■ **Your task**:
Using the data below, output a verbatim copy of the lines between the one holding "TV_understeer_gradient_8 = 0.01" and the one holding "Front_Pitch_Camber : Gain", inclusive, without any pictures.

Collected data entries
*** Begin section ***
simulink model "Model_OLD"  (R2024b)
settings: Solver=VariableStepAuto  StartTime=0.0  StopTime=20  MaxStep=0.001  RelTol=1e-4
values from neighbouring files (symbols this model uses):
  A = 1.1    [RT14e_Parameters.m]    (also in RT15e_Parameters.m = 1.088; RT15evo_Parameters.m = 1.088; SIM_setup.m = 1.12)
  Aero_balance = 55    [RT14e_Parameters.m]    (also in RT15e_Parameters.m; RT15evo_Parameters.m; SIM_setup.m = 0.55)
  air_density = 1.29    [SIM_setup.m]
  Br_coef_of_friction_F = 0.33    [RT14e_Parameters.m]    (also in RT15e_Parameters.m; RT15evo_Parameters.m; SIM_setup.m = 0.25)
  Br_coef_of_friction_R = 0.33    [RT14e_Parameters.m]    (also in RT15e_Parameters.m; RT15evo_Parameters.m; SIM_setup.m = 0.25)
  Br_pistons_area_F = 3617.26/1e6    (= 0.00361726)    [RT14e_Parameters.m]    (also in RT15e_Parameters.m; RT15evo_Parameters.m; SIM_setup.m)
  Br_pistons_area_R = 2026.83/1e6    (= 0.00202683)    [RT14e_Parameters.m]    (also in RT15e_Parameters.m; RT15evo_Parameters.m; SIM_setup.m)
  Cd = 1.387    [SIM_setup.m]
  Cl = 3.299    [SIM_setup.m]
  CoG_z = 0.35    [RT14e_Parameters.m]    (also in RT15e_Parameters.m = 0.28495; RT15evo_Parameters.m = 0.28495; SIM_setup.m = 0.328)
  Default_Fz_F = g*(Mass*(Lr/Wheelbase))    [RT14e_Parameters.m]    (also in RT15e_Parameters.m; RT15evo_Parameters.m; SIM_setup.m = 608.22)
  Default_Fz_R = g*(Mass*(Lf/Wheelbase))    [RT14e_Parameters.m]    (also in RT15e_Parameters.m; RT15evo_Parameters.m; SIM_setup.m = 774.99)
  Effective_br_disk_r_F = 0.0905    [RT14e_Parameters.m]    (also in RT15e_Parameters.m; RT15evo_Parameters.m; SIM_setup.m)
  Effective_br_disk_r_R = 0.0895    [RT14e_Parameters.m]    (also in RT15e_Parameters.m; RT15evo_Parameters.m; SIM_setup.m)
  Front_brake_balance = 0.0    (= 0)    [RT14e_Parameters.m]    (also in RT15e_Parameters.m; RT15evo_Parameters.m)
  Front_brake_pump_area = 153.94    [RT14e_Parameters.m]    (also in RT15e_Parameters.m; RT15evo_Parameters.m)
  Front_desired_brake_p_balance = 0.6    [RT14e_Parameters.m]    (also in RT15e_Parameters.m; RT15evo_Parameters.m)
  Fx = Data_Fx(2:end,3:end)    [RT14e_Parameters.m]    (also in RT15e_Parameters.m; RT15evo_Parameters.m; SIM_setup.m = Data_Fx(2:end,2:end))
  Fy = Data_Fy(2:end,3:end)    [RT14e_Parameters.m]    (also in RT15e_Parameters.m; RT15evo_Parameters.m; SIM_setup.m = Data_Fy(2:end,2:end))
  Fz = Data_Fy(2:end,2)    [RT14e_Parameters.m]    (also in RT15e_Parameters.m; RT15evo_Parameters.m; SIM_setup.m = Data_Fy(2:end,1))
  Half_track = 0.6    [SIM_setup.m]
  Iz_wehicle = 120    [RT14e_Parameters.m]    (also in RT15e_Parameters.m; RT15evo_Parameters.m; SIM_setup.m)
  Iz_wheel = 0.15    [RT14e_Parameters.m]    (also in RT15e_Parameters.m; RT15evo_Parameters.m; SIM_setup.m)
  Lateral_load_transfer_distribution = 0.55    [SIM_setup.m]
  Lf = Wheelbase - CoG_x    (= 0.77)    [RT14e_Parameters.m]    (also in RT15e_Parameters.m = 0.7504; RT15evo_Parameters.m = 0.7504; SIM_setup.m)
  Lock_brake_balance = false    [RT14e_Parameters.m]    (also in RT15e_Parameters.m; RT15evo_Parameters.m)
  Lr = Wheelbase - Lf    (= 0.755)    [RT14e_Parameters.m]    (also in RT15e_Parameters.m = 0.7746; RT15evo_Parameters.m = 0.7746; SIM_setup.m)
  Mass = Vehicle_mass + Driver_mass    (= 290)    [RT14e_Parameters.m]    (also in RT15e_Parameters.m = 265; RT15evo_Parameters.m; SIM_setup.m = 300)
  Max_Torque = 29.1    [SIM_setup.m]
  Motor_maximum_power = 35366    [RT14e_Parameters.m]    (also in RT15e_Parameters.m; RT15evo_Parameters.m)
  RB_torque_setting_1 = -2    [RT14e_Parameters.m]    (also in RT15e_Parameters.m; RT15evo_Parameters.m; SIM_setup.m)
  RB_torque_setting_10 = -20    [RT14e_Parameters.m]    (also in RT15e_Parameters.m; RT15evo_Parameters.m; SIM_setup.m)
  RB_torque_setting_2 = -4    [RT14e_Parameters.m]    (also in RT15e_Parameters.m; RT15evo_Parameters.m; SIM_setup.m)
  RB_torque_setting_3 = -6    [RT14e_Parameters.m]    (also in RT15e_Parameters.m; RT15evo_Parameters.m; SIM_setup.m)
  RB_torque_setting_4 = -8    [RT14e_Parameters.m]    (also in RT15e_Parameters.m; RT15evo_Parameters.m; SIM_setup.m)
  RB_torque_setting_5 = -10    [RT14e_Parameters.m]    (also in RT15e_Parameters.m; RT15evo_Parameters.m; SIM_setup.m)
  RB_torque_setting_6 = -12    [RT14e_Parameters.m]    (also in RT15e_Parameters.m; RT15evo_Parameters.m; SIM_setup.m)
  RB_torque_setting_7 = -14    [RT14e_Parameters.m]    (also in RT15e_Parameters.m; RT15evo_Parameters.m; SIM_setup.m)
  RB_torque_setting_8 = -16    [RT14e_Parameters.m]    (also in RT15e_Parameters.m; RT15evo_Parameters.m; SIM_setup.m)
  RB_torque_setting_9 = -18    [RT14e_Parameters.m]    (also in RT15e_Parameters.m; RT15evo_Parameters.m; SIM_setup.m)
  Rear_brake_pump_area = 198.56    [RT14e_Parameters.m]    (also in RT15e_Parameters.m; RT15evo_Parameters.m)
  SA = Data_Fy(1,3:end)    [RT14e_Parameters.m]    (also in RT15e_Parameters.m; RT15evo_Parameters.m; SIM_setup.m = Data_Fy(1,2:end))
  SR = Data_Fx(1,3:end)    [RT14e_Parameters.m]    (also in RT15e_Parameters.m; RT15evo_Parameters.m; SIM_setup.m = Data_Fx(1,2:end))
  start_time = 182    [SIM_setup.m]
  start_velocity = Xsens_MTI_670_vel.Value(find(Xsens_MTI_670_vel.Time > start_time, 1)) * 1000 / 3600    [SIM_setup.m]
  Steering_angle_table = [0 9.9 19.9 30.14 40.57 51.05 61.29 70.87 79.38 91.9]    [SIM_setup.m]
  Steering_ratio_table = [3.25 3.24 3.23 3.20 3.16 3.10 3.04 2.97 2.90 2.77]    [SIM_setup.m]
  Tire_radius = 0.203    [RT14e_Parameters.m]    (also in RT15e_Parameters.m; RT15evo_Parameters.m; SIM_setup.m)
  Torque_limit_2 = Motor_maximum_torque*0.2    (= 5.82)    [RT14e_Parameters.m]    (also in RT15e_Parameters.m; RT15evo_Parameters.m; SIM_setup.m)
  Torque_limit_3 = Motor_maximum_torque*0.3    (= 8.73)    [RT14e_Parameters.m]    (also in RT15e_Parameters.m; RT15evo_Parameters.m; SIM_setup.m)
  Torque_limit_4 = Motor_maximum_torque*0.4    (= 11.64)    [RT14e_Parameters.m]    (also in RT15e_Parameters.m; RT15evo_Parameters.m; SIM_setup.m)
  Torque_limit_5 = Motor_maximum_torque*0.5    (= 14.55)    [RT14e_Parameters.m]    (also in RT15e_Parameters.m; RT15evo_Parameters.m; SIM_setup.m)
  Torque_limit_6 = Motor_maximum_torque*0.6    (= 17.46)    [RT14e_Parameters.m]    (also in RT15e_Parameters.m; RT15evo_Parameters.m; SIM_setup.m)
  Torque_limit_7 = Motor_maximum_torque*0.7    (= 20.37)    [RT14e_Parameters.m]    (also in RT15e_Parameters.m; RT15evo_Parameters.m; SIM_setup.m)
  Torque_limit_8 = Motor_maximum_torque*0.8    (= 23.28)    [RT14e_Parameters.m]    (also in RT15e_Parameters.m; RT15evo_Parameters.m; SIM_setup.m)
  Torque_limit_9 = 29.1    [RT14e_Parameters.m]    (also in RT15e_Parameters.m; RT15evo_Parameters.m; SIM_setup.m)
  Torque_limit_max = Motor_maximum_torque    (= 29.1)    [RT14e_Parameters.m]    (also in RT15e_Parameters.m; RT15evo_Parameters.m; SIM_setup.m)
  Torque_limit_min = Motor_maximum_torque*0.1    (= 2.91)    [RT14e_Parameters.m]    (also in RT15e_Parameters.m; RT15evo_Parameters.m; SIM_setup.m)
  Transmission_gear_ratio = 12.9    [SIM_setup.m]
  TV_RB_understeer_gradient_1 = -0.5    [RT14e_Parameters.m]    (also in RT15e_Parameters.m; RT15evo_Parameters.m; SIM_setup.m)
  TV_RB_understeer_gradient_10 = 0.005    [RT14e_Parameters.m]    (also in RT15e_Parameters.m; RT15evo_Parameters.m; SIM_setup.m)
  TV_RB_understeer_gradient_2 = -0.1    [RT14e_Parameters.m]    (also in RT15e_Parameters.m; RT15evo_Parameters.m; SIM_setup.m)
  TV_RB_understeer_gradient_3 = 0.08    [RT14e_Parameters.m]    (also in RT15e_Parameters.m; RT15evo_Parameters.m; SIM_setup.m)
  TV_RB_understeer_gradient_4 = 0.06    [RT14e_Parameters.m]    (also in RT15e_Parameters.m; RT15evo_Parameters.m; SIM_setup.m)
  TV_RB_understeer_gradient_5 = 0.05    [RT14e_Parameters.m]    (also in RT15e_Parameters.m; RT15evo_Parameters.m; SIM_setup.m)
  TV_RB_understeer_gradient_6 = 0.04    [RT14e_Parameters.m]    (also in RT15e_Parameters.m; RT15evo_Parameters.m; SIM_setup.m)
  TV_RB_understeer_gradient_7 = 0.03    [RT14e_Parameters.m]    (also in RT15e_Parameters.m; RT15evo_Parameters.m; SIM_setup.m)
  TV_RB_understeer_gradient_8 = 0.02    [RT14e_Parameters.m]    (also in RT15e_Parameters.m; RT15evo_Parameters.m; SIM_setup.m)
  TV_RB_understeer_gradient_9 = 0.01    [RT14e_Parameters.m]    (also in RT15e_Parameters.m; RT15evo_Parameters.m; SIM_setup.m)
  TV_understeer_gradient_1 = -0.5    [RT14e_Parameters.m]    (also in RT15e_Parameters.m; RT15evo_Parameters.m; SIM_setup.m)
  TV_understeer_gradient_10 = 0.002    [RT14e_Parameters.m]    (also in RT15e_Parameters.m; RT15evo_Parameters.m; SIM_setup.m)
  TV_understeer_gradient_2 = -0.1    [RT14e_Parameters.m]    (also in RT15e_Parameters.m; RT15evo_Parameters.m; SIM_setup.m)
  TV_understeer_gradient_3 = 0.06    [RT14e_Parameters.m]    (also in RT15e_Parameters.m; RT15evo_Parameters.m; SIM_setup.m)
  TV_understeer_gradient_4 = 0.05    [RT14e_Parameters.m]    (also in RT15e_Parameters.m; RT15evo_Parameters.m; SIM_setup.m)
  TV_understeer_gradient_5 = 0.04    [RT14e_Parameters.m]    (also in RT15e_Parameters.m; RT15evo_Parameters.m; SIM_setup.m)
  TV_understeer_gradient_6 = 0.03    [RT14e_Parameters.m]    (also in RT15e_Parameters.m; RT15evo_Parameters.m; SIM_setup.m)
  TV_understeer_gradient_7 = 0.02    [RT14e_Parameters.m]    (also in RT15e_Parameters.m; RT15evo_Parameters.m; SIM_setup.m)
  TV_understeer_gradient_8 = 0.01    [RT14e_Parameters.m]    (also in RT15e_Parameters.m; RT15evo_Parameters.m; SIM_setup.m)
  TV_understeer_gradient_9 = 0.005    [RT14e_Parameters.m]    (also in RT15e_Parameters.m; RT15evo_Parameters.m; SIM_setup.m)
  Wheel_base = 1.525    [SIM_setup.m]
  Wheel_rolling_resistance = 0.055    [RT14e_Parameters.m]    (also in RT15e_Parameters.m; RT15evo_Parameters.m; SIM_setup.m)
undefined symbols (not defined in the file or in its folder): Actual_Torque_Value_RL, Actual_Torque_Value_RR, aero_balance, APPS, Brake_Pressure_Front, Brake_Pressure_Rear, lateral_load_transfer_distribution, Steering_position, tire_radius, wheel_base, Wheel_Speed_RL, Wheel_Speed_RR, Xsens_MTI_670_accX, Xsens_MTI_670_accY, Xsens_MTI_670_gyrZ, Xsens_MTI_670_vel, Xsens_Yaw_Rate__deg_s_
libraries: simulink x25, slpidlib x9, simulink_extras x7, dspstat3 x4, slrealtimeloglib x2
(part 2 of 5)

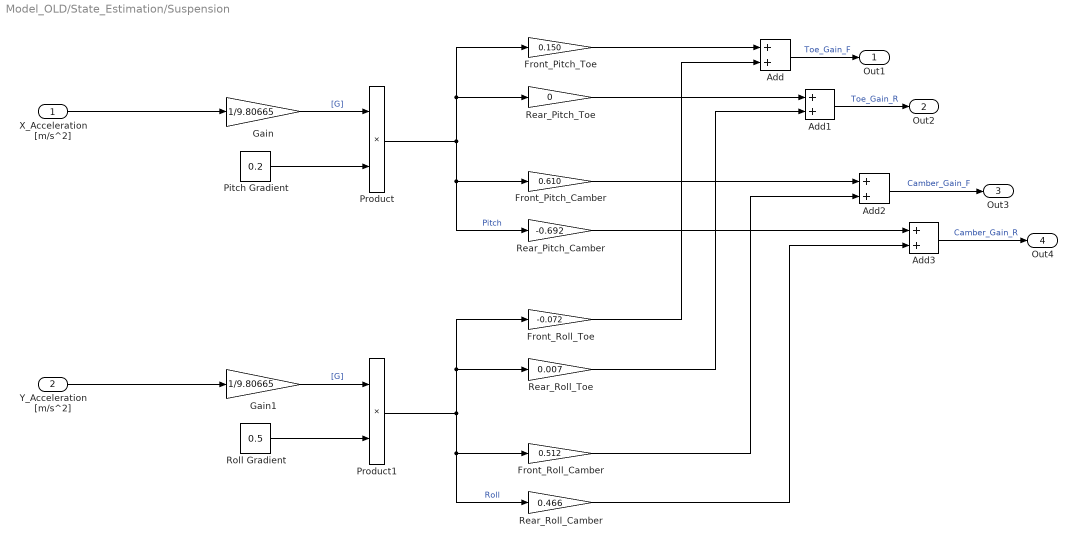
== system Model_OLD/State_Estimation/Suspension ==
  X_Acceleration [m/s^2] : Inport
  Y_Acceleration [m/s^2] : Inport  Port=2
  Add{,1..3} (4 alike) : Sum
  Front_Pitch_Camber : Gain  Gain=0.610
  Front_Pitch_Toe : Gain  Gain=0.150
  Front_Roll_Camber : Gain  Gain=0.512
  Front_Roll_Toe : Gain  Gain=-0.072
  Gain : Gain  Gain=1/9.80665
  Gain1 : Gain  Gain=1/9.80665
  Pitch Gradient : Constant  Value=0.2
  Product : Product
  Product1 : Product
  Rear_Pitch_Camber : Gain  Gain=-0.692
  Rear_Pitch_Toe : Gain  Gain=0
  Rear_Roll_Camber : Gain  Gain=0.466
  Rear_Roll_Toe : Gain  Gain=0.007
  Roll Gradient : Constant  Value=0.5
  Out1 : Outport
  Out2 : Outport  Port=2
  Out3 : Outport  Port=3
*** End section ***
■ **Result**:
  TV_understeer_gradient_8 = 0.01    [RT14e_Parameters.m]    (also in RT15e_Parameters.m; RT15evo_Parameters.m; SIM_setup.m)
  TV_understeer_gradient_9 = 0.005    [RT14e_Parameters.m]    (also in RT15e_Parameters.m; RT15evo_Parameters.m; SIM_setup.m)
  Wheel_base = 1.525    [SIM_setup.m]
  Wheel_rolling_resistance = 0.055    [RT14e_Parameters.m]    (also in RT15e_Parameters.m; RT15evo_Parameters.m; SIM_setup.m)
undefined symbols (not defined in the file or in its folder): Actual_Torque_Value_RL, Actual_Torque_Value_RR, aero_balance, APPS, Brake_Pressure_Front, Brake_Pressure_Rear, lateral_load_transfer_distribution, Steering_position, tire_radius, wheel_base, Wheel_Speed_RL, Wheel_Speed_RR, Xsens_MTI_670_accX, Xsens_MTI_670_accY, Xsens_MTI_670_gyrZ, Xsens_MTI_670_vel, Xsens_Yaw_Rate__deg_s_
libraries: simulink x25, slpidlib x9, simulink_extras x7, dspstat3 x4, slrealtimeloglib x2
(part 2 of 5)

== system Model_OLD/State_Estimation/Suspension ==
  X_Acceleration [m/s^2] : Inport
  Y_Acceleration [m/s^2] : Inport  Port=2
  Add{,1..3} (4 alike) : Sum
  Front_Pitch_Camber : Gain  Gain=0.610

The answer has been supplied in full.